### Task statement
Take each line from the entries that holds "KiCad" and copy it out.

### Provided records
↓↓↓
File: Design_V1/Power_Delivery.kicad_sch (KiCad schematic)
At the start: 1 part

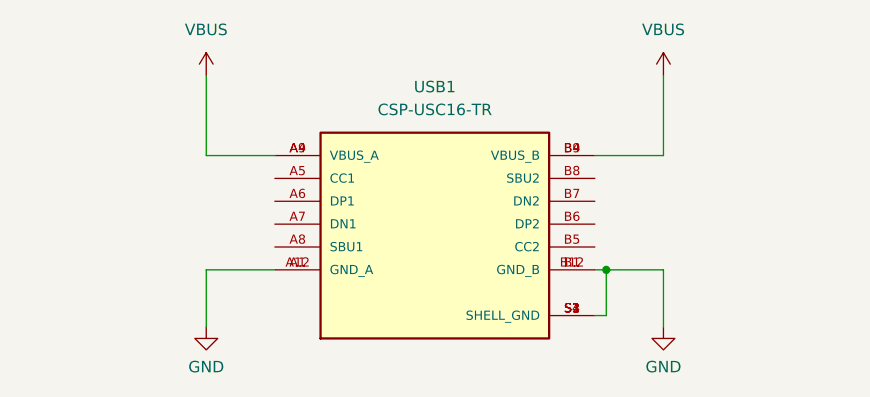
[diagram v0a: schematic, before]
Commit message: Updated Project. Added testpoints, crystal and jumpers. Added Power block
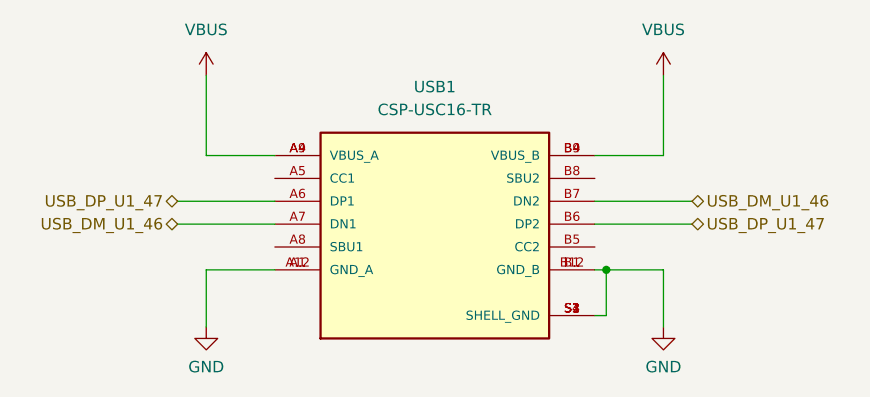
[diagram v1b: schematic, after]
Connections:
- net USB_DP_U1_47: now reaches USB1.A6 (DP1)
- net USB_DP_U1_47: now also USB1.B6 (DP2)
- net USB_DM_U1_46: now reaches USB1.A7 (DN1)
- net USB_DM_U1_46: now also USB1.B7 (DN2)
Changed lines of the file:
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@@
+    (stroke (width 0) (type default) (color 0 0 0 0))
+  )
+  (wire (pts (xy 246.38 110.49) (xy 257.175 110.49))
     (stroke (width 0) (type default) (color 0 0 0 0))
   )
   (wire (pts (xy 254 102.87) (xy 254 93.98))
+    (stroke (width 0) (type default) (color 0 0 0 0))
+  )
+  (wire (pts (xy 210.82 107.95) (xy 200.025 107.95))
+    (stroke (width 0) (type default) (color 0 0 0 0))
+  )
+  (wire (pts (xy 210.82 110.49) (xy 200.025 110.49))
+    (stroke (width 0) (type default) (color 0 0 0 0))
+  )
+  (wire (pts (xy 246.38 107.95) (xy 257.175 107.95))
     (stroke (width 0) (type default) (color 0 0 0 0))
   )
@@
     (stroke (width 0) (type default) (color 0 0 0 0))
   )
+  (hierarchical_label "USB_DP_U1_47" (shape bidirectional) (at 257.175 110.49 0)
+    (effects (font (size 1.27 1.27)) (justify left))
+  )
+  (hierarchical_label "USB_DM_U1_46" (shape bidirectional) (at 200.025 110.49 180)
+    (effects (font (size 1.27 1.27)) (justify right))
+  )
+  (hierarchical_label "USB_DP_U1_47" (shape bidirectional) (at 200.025 107.95 180)
+    (effects (font (size 1.27 1.27)) (justify right))
+  )
+  (hierarchical_label "USB_DM_U1_46" (shape bidirectional) (at 257.175 107.95 0)
+    (effects (font (size 1.27 1.27)) (justify left))
+  )
   (symbol (lib_id "power:GND") (at 203.2 121.92 0) (unit 1)
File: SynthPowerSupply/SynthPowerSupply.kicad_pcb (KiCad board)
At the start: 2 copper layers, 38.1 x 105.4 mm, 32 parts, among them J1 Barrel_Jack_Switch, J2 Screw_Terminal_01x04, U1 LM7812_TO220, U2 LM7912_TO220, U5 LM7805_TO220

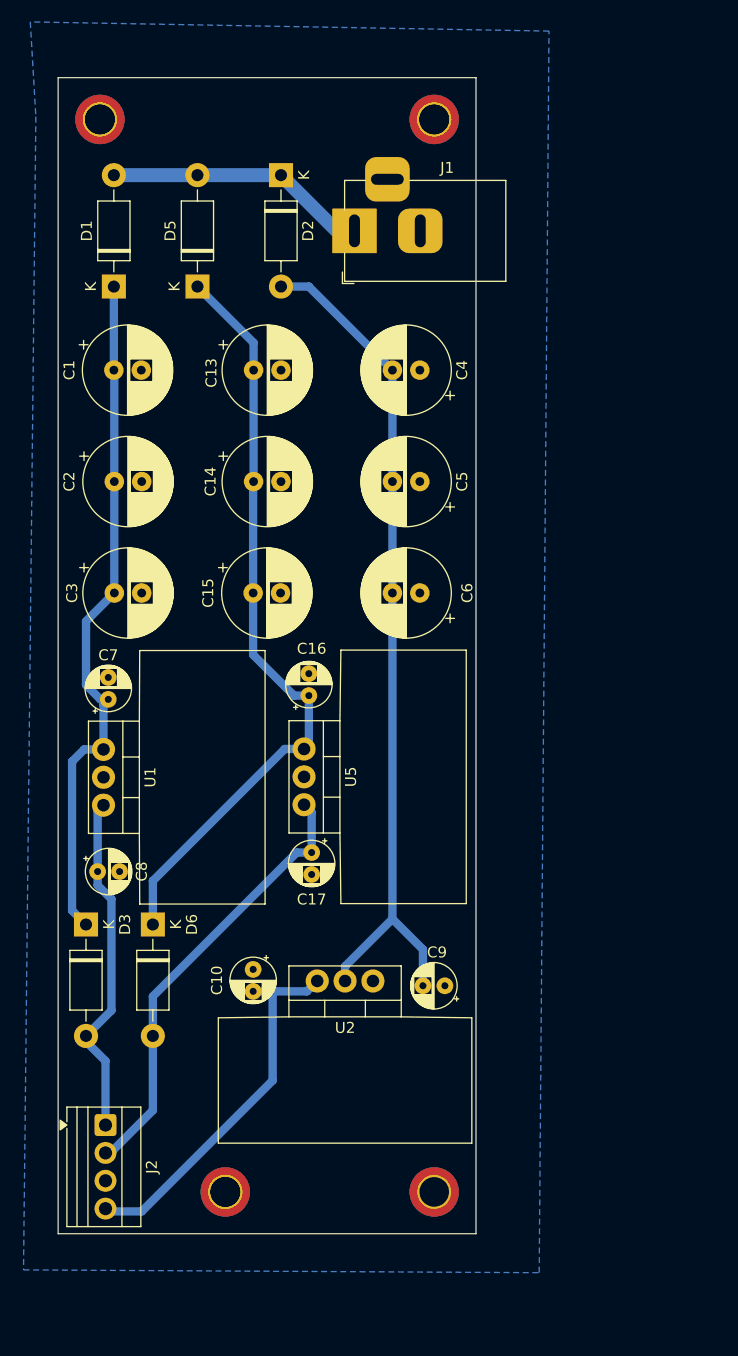
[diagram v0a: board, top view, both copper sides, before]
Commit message: Create Power supply PCB
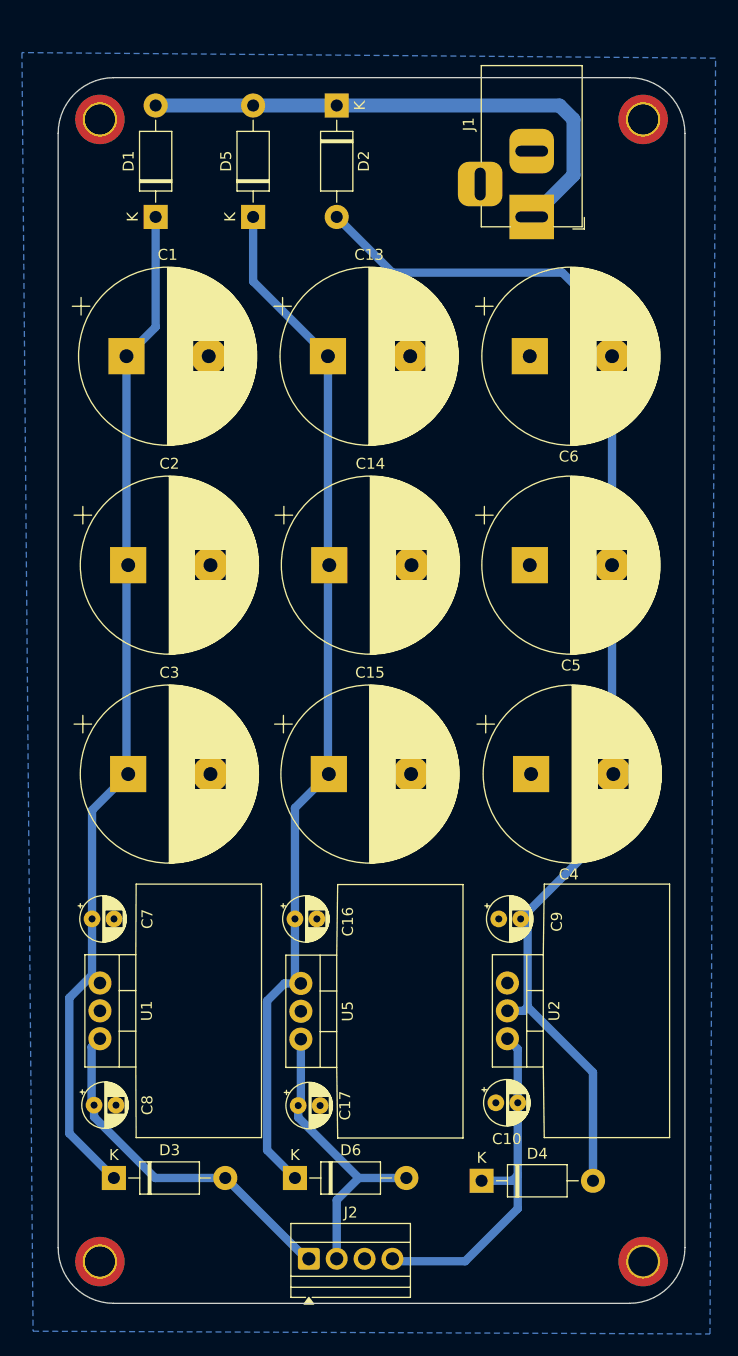
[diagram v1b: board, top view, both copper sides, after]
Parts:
- added D4: 1N4001, Diode_THT:D_DO-41_SOD81_P10.16mm_Horizontal, F.Cu at (64.0, 120.9)
- C1, C13, C14, C15, C2, C3, C4, C5, C6: footprint Capacitor_THT:CP_Radial_D8.0mm_P2.50mm -> Capacitor_THT:CP_Radial_D16.0mm_P7.50mm
- moved C4 38.2 mm to (68.5, 83.8), turned to 0 degrees
- moved D6 26.5 mm to (47.0, 120.7), turned to 0 degrees
- moved C10 25.3 mm to (65.3, 113.8), turned to 0 degrees
- moved C6 23.8 mm to (68.4, 45.7), turned to 0 degrees
- moved D3 23.3 mm to (30.5, 120.7), turned to 0 degrees
- moved C17 23.1 mm to (47.3, 114.0), turned to 0 degrees
- moved J2 22.2 mm to (48.3, 128.0), turned to 0 degrees
- moved U5 21.4 mm to (47.5, 102.9)
- moved C8 21.3 mm to (28.7, 114.0)
- moved U1 21.3 mm to (29.2, 102.9)
- moved C16 20.4 mm to (47.0, 97.0), turned to 0 degrees
- moved REF** 20.1 mm to (78.7, 128.3)
- moved C7 20.1 mm to (28.5, 97.0), turned to 0 degrees
- moved ? 19.0 mm to (78.7, 24.1)
- moved REF** 19.0 mm to (78.7, 24.1)
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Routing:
- net Net-(D2-A): track 78.1 -> 115.6 mm
- net Net-(D1-K): track 63.4 -> 93.7 mm
- net Net-(D5-K): track 70.1 -> 95.2 mm
- net Net-(D1-A): track 24.0 -> 49.1 mm
- net +5V: track 40.9 -> 27.8 mm
- net -12V: track 34.7 -> 32.8 mm
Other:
- board size 38.1 x 105.4 mm -> 57.1 x 111.8 mm
↑↑↑
### Written answer
File: Design_V1/Power_Delivery.kicad_sch (KiCad schematic)
File: SynthPowerSupply/SynthPowerSupply.kicad_pcb (KiCad board)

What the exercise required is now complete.